Uhuru faults ruling on Sh200bn High Grand Falls Dam project

Justice John Mativo rules on a case in Nairobi on January 13, 2020. He delivered the ruling cancelling the contract for construction of High Grand Falls Dam. PHOTO | PAUL WAWERU | NATION MEDIA GROUP

What you need to know:

  • The President said programmes that would spur the economy are stuck in limbo due to unfavourable injunctions and high cost of litigations.
  • Justice Mativo ruled that the NIB had demonstrated that PPARB acted unlawfully by failing to uphold the precise requirements of the tender documents and provisions of the law.

President Uhuru Kenyatta has waded into the tendering controversy of the Sh200 billion High Grand Falls Dam, criticising the High Court ruling that quashed the contract.

The mega project — the single largest government undertaking after the standard gauge railway — has been dogged by tendering disputes since February 2017, the latest being a ruling that cancelled the contract awarded to a consortium of British and Turkish firms.

The President said the implementation of the project had been delayed unnecessarily for years by courts, “whose rulings are against the interest of Kenyan public”.

He spoke while addressing judges during the launch of the 2018/2019 "State of Judiciary and Administration of Justice Annual Report" at the Supreme Court, a week after Justice John Mativo delivered the ruling cancelling the contract.

The case pitted two State agencies — the National Irrigation Board (NIB), which had sued the Public Procurement Administrative Review Board (PPARB) — but the aggrieved parties have vowed to contest the ruling.

PUBLIC INTEREST

The contract to build the dam in Kitui and Tharaka Nithi counties had been won competitively by London-based firms GBM Engineering and ERG Consortium, but NIB declined to award the tender to the bidder despite numerous orders by PPARB.

The highly anticipated ruling was delivered as President Kenyatta prepared to meet foreign investors during the inaugural UK — Africa Investment Summit in London, which was hosted by British Prime Minister Boris Johnson.
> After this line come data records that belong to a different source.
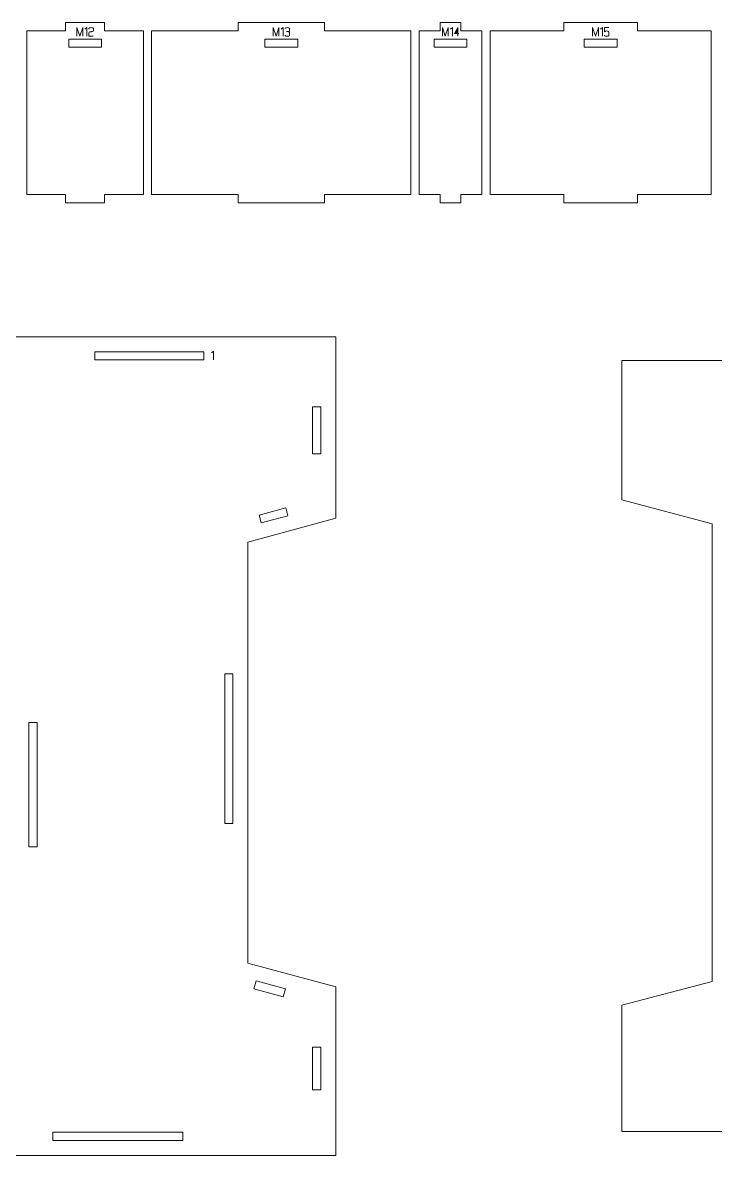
# Model space of a CAD drawing. Header units: centimetres. Extents: x -250 to 250, y -508 to 508.
# Drawn here: x -147.11 to -121.74, y -507.99 to -466.47 of the extents above; entities that cross this region are included whole.
import ezdxf

# ---------------------------------------------------------------- set-up
doc = ezdxf.new("R2010")
doc.units = ezdxf.units.CM
doc.header["$MEASUREMENT"] = 0
doc.layers.add('Capa 1', color=7, linetype='Continuous')

msp = doc.modelspace()

# ---------------------------------------------------------------- hatches: boundary and pattern name
at = {"layer": 'Capa 1', "true_color": 0x3e4095}
h = msp.add_hatch(color=175, dxfattribs=at)
edge = h.paths.add_edge_path()
edge.add_spline(control_points=[(-145.12793, -466.9741), (-145.12793, -466.9741), (-145.12793, -466.65766), (-145.12793, -466.65766), (-145.12793, -466.65766), (-145.01878, -466.9741), (-145.01878, -466.9741), (-145.01878, -466.9741), (-144.91009, -466.65766), (-144.91009, -466.65766), (-144.91009, -466.65766), (-144.91009, -466.9741), (-144.91009, -466.9741), (-144.91009, -466.9741), (-144.91009, -466.65766), (-144.91009, -466.65766), (-144.91009, -466.65766), (-145.01878, -466.9741), (-145.01878, -466.9741), (-145.01878, -466.9741), (-145.12793, -466.65766), (-145.12793, -466.65766), (-145.12793, -466.65766), (-145.12793, -466.9741), (-145.12793, -466.9741)], knot_values=[0, 0, 0, 0, 0.125, 0.125, 0.125, 0.25, 0.25, 0.25, 0.375, 0.375, 0.375, 0.5, 0.5, 0.5, 0.625, 0.625, 0.625, 0.75, 0.75, 0.75, 0.875, 0.875, 0.875, 1, 1, 1, 1], degree=3, periodic=1)
h = msp.add_hatch(color=175, dxfattribs=at)
edge = h.paths.add_edge_path()
edge.add_spline(control_points=[(-144.75829, -466.6572), (-144.75829, -466.6572), (-144.83442, -466.70994), (-144.83442, -466.70994), (-144.83442, -466.70994), (-144.75829, -466.6572), (-144.75829, -466.6572), (-144.75829, -466.6572), (-144.75829, -466.9741), (-144.75829, -466.9741), (-144.75829, -466.9741), (-144.75829, -466.6572), (-144.75829, -466.6572)], knot_values=[0, 0, 0, 0, 0.25, 0.25, 0.25, 0.5, 0.5, 0.5, 0.75, 0.75, 0.75, 1, 1, 1, 1], degree=3, periodic=1)
h = msp.add_hatch(color=175, dxfattribs=at)
edge = h.paths.add_edge_path()
edge.add_spline(control_points=[(-144.68812, -466.9741), (-144.68812, -466.9741), (-144.68812, -466.84156), (-144.68812, -466.84156), (-144.6872, -466.82964), (-144.67635, -466.82047), (-144.65556, -466.81405), (-144.647, -466.81343), (-144.63882, -466.81244), (-144.63102, -466.81106), (-144.62323, -466.80969), (-144.61535, -466.80824), (-144.6074, -466.80671), (-144.59273, -466.80426), (-144.58149, -466.80227), (-144.5737, -466.80075), (-144.5659, -466.79922), (-144.55833, -466.79723), (-144.55099, -466.79478), (-144.53204, -466.78775), (-144.52256, -466.77873), (-144.52256, -466.76773), (-144.52256, -466.76773), (-144.52256, -466.69297), (-144.52256, -466.69297), (-144.52256, -466.68319), (-144.53043, -466.67486), (-144.54618, -466.66798), (-144.56192, -466.6611), (-144.58157, -466.65766), (-144.60511, -466.65766), (-144.62865, -466.65766), (-144.6483, -466.6611), (-144.66404, -466.66798), (-144.67979, -466.67486), (-144.68766, -466.68319), (-144.68766, -466.69297), (-144.68766, -466.69297), (-144.68766, -466.71544), (-144.68766, -466.71544), (-144.68766, -466.71544), (-144.68766, -466.69297), (-144.68766, -466.69297), (-144.68766, -466.68319), (-144.67979, -466.67486), (-144.66404, -466.66798), (-144.6483, -466.6611), (-144.62865, -466.65766), (-144.60511, -466.65766), (-144.58157, -466.65766), (-144.56192, -466.6611), (-144.54618, -466.66798), (-144.53043, -466.67486), (-144.52256, -466.68319), (-144.52256, -466.69297), (-144.52256, -466.69297), (-144.52256, -466.76773), (-144.52256, -466.76773), (-144.52256, -466.77873), (-144.53204, -466.78775), (-144.55099, -466.79478), (-144.55833, -466.79723), (-144.5659, -466.79922), (-144.5737, -466.80075), (-144.58149, -466.80227), (-144.59273, -466.80426), (-144.6074, -466.80671), (-144.61535, -466.80824), (-144.62323, -466.80969), (-144.63102, -466.81106), (-144.63882, -466.81244), (-144.647, -466.81343), (-144.65556, -466.81405), (-144.67635, -466.82047), (-144.6872, -466.82964), (-144.68812, -466.84156), (-144.68812, -466.84156), (-144.68812, -466.9741), (-144.68812, -466.9741), (-144.68812, -466.9741), (-144.53127, -466.9741), (-144.53127, -466.9741), (-144.53127, -466.9741), (-144.68812, -466.9741), (-144.68812, -466.9741)], knot_values=[0, 0, 0, 0, 0.03571429, 0.03571429, 0.03571429, 0.07142857, 0.07142857, 0.07142857, 0.10714286, 0.10714286, 0.10714286, 0.14285714, 0.14285714, 0.14285714, 0.17857143, 0.17857143, 0.17857143, 0.21428571, 0.21428571, 0.21428571, 0.25, 0.25, 0.25, 0.28571429, 0.28571429, 0.28571429, 0.32142857, 0.32142857, 0.32142857, 0.35714286, 0.35714286, 0.35714286, 0.39285714, 0.39285714, 0.39285714, 0.42857143, 0.42857143, 0.42857143, 0.46428571, 0.46428571, 0.46428571, 0.5, 0.5, 0.5, 0.53571429, 0.53571429, 0.53571429, 0.57142857, 0.57142857, 0.57142857, 0.60714286, 0.60714286, 0.60714286, 0.64285714, 0.64285714, 0.64285714, 0.67857143, 0.67857143, 0.67857143, 0.71428571, 0.71428571, 0.71428571, 0.75, 0.75, 0.75, 0.78571429, 0.78571429, 0.78571429, 0.82142857, 0.82142857, 0.82142857, 0.85714286, 0.85714286, 0.85714286, 0.89285714, 0.89285714, 0.89285714, 0.92857143, 0.92857143, 0.92857143, 0.96428571, 0.96428571, 0.96428571, 1, 1, 1, 1], degree=3, periodic=1)
h = msp.add_hatch(color=175, dxfattribs=at)
edge = h.paths.add_edge_path()
edge.add_spline(control_points=[(-137.94197, -466.9741), (-137.94197, -466.9741), (-137.94197, -466.65766), (-137.94197, -466.65766), (-137.94197, -466.65766), (-137.83282, -466.9741), (-137.83282, -466.9741), (-137.83282, -466.9741), (-137.72413, -466.65766), (-137.72413, -466.65766), (-137.72413, -466.65766), (-137.72413, -466.9741), (-137.72413, -466.9741), (-137.72413, -466.9741), (-137.72413, -466.65766), (-137.72413, -466.65766), (-137.72413, -466.65766), (-137.83282, -466.9741), (-137.83282, -466.9741), (-137.83282, -466.9741), (-137.94197, -466.65766), (-137.94197, -466.65766), (-137.94197, -466.65766), (-137.94197, -466.9741), (-137.94197, -466.9741)], knot_values=[0, 0, 0, 0, 0.125, 0.125, 0.125, 0.25, 0.25, 0.25, 0.375, 0.375, 0.375, 0.5, 0.5, 0.5, 0.625, 0.625, 0.625, 0.75, 0.75, 0.75, 0.875, 0.875, 0.875, 1, 1, 1, 1], degree=3, periodic=1)
h = msp.add_hatch(color=175, dxfattribs=at)
edge = h.paths.add_edge_path()
edge.add_spline(control_points=[(-137.57233, -466.6572), (-137.57233, -466.6572), (-137.64846, -466.70994), (-137.64846, -466.70994), (-137.64846, -466.70994), (-137.57233, -466.6572), (-137.57233, -466.6572), (-137.57233, -466.6572), (-137.57233, -466.9741), (-137.57233, -466.9741), (-137.57233, -466.9741), (-137.57233, -466.6572), (-137.57233, -466.6572)], knot_values=[0, 0, 0, 0, 0.25, 0.25, 0.25, 0.5, 0.5, 0.5, 0.75, 0.75, 0.75, 1, 1, 1, 1], degree=3, periodic=1)
h = msp.add_hatch(color=175, dxfattribs=at)
edge = h.paths.add_edge_path()
edge.add_spline(control_points=[(-137.41915, -466.9741), (-137.44269, -466.9741), (-137.46234, -466.97066), (-137.47808, -466.96378), (-137.49383, -466.9569), (-137.5017, -466.94857), (-137.5017, -466.93879), (-137.5017, -466.94857), (-137.49383, -466.9569), (-137.47808, -466.96378), (-137.46234, -466.97066), (-137.44269, -466.9741), (-137.41915, -466.9741), (-137.39561, -466.9741), (-137.37596, -466.97066), (-137.36022, -466.96378), (-137.34447, -466.9569), (-137.3366, -466.94857), (-137.3366, -466.93879), (-137.3366, -466.93879), (-137.3366, -466.8356), (-137.3366, -466.8356), (-137.3366, -466.82734), (-137.34226, -466.82016), (-137.35357, -466.81405), (-137.36488, -466.80793), (-137.39805, -466.8038), (-137.45309, -466.80166), (-137.39836, -466.7983), (-137.36549, -466.79432), (-137.35449, -466.78974), (-137.34348, -466.78515), (-137.33752, -466.77766), (-137.3366, -466.76727), (-137.3366, -466.76727), (-137.3366, -466.69297), (-137.3366, -466.69297), (-137.3366, -466.68319), (-137.34447, -466.67486), (-137.36022, -466.66798), (-137.37596, -466.6611), (-137.39561, -466.65766), (-137.41915, -466.65766), (-137.44269, -466.65766), (-137.46234, -466.6611), (-137.47808, -466.66798), (-137.49383, -466.67486), (-137.5017, -466.68319), (-137.5017, -466.69297), (-137.5017, -466.68319), (-137.49383, -466.67486), (-137.47808, -466.66798), (-137.46234, -466.6611), (-137.44269, -466.65766), (-137.41915, -466.65766), (-137.39561, -466.65766), (-137.37596, -466.6611), (-137.36022, -466.66798), (-137.34447, -466.67486), (-137.3366, -466.68319), (-137.3366, -466.69297), (-137.3366, -466.69297), (-137.3366, -466.76727), (-137.3366, -466.76727), (-137.33752, -466.77766), (-137.34348, -466.78515), (-137.35449, -466.78974), (-137.36549, -466.79432), (-137.39836, -466.7983), (-137.45309, -466.80166), (-137.39805, -466.8038), (-137.36488, -466.80793), (-137.35357, -466.81405), (-137.34226, -466.82016), (-137.3366, -466.82734), (-137.3366, -466.8356), (-137.3366, -466.8356), (-137.3366, -466.93879), (-137.3366, -466.93879), (-137.3366, -466.94857), (-137.34447, -466.9569), (-137.36022, -466.96378), (-137.37596, -466.97066), (-137.39561, -466.9741), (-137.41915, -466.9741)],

The Nation established that the executives of the British and Turkish firms that had won the contract were among participants in the summit.

President Kenyatta told the judges that judicial independence is established in the public interest to serve Kenyans, and as they exercise it, public interest must be the overriding criteria.

“The unintended consequences of such injunctions is that it compromises the efficacy of the State to help create more jobs and opportunities for our people in a competitive no-holds-barred world,” the President said in an apparent reference to the dam project ruling.

BOARD'S FOLLY

He said programmes that would spur the economy are stuck in limbo due to unfavourable injunctions and high cost of litigations, “as many projects are routinely suspended and their implementation delayed for years pending adjudication in courts”.

“Our nation is missing out on opportunities that are also going to other countries,” he said, adding that court rulings must be in public interest.

Justice Mativo ruled that the irrigation board had demonstrated that PPARB acted unlawfully by failing to uphold the precise requirements of the tender documents and provisions of the law.

"It is unlawful for PPARB to pass a decision awarding a tender to a bidder in circumstances where there is no full and complete evaluation of the bidder's proposal and proper compliance with the bid requirements," the judge said.

COMPLETE PROCUREMENT

On March 21 last year, the board had directed NIB to proceed and complete the procurement process, including making the award within 14 days. The board considered the tender documents, evaluation reports and all the documents supplied in arriving at its decision.

However, the investors, through Nairobi lawyer Wilfred Nyamu, said they would contest the ruling at the Court of Appeal because it failed to address the specific issues raised in the matter.

Mr Nyamu said Justice Mativo’s ruling referred to the PPARB’s decisions of 2018 which were never contested within the 14 days stipulated in law and which, therefore, the High Court had no jurisdiction over.

“We’re appealing the ruling because the court cannot purport to overturn decisions of the procurement review board which were never contested by the National Irrigation Board more than a year ago” the lawyer told the Nation Sunday.

AG'S OFFICE

The Attorney-General office, which acted for PPARB in the matter, also it will contest the ruling which it said undermines the authority and credibility of the review board as the oversight body in procurement matters.

According to State Counsel Edward Munene Wanjohi, the AG is waiting for instructions from the PPARB to appeal the ruling.

“I am aware the other party (the bidders) have appealed but I am certain the Attorney-General will be enjoined in that suit because it sets a bad precedent in compliance of PPARB orders and raises fundamental issues of law” said Mr Wanjohi.

The tender dispute, which has dragged on since 2017, has raised doubts about the impartiality of NIB to procure the firm that will build the dam and may cost the country billions of shillings in possible litigation at the International Court of Arbitration.

The British consortium was among seven prequalified international construction firms – five of them Chinese – which participated in the bidding process.

The High Grand Falls Dam Project is the single largest undertaking by the government after the standard gauge railway, and is part of the Sh1.5 trillion Lamu Port-South Sudan-Ethiopia Transport Corridor project.

In terms of size, the proposed water reservoir could be Africa's second largest after the Aswan High Dam in Egypt along the River Nile and Kenya's biggest dam covering a massive 165 square kilometres.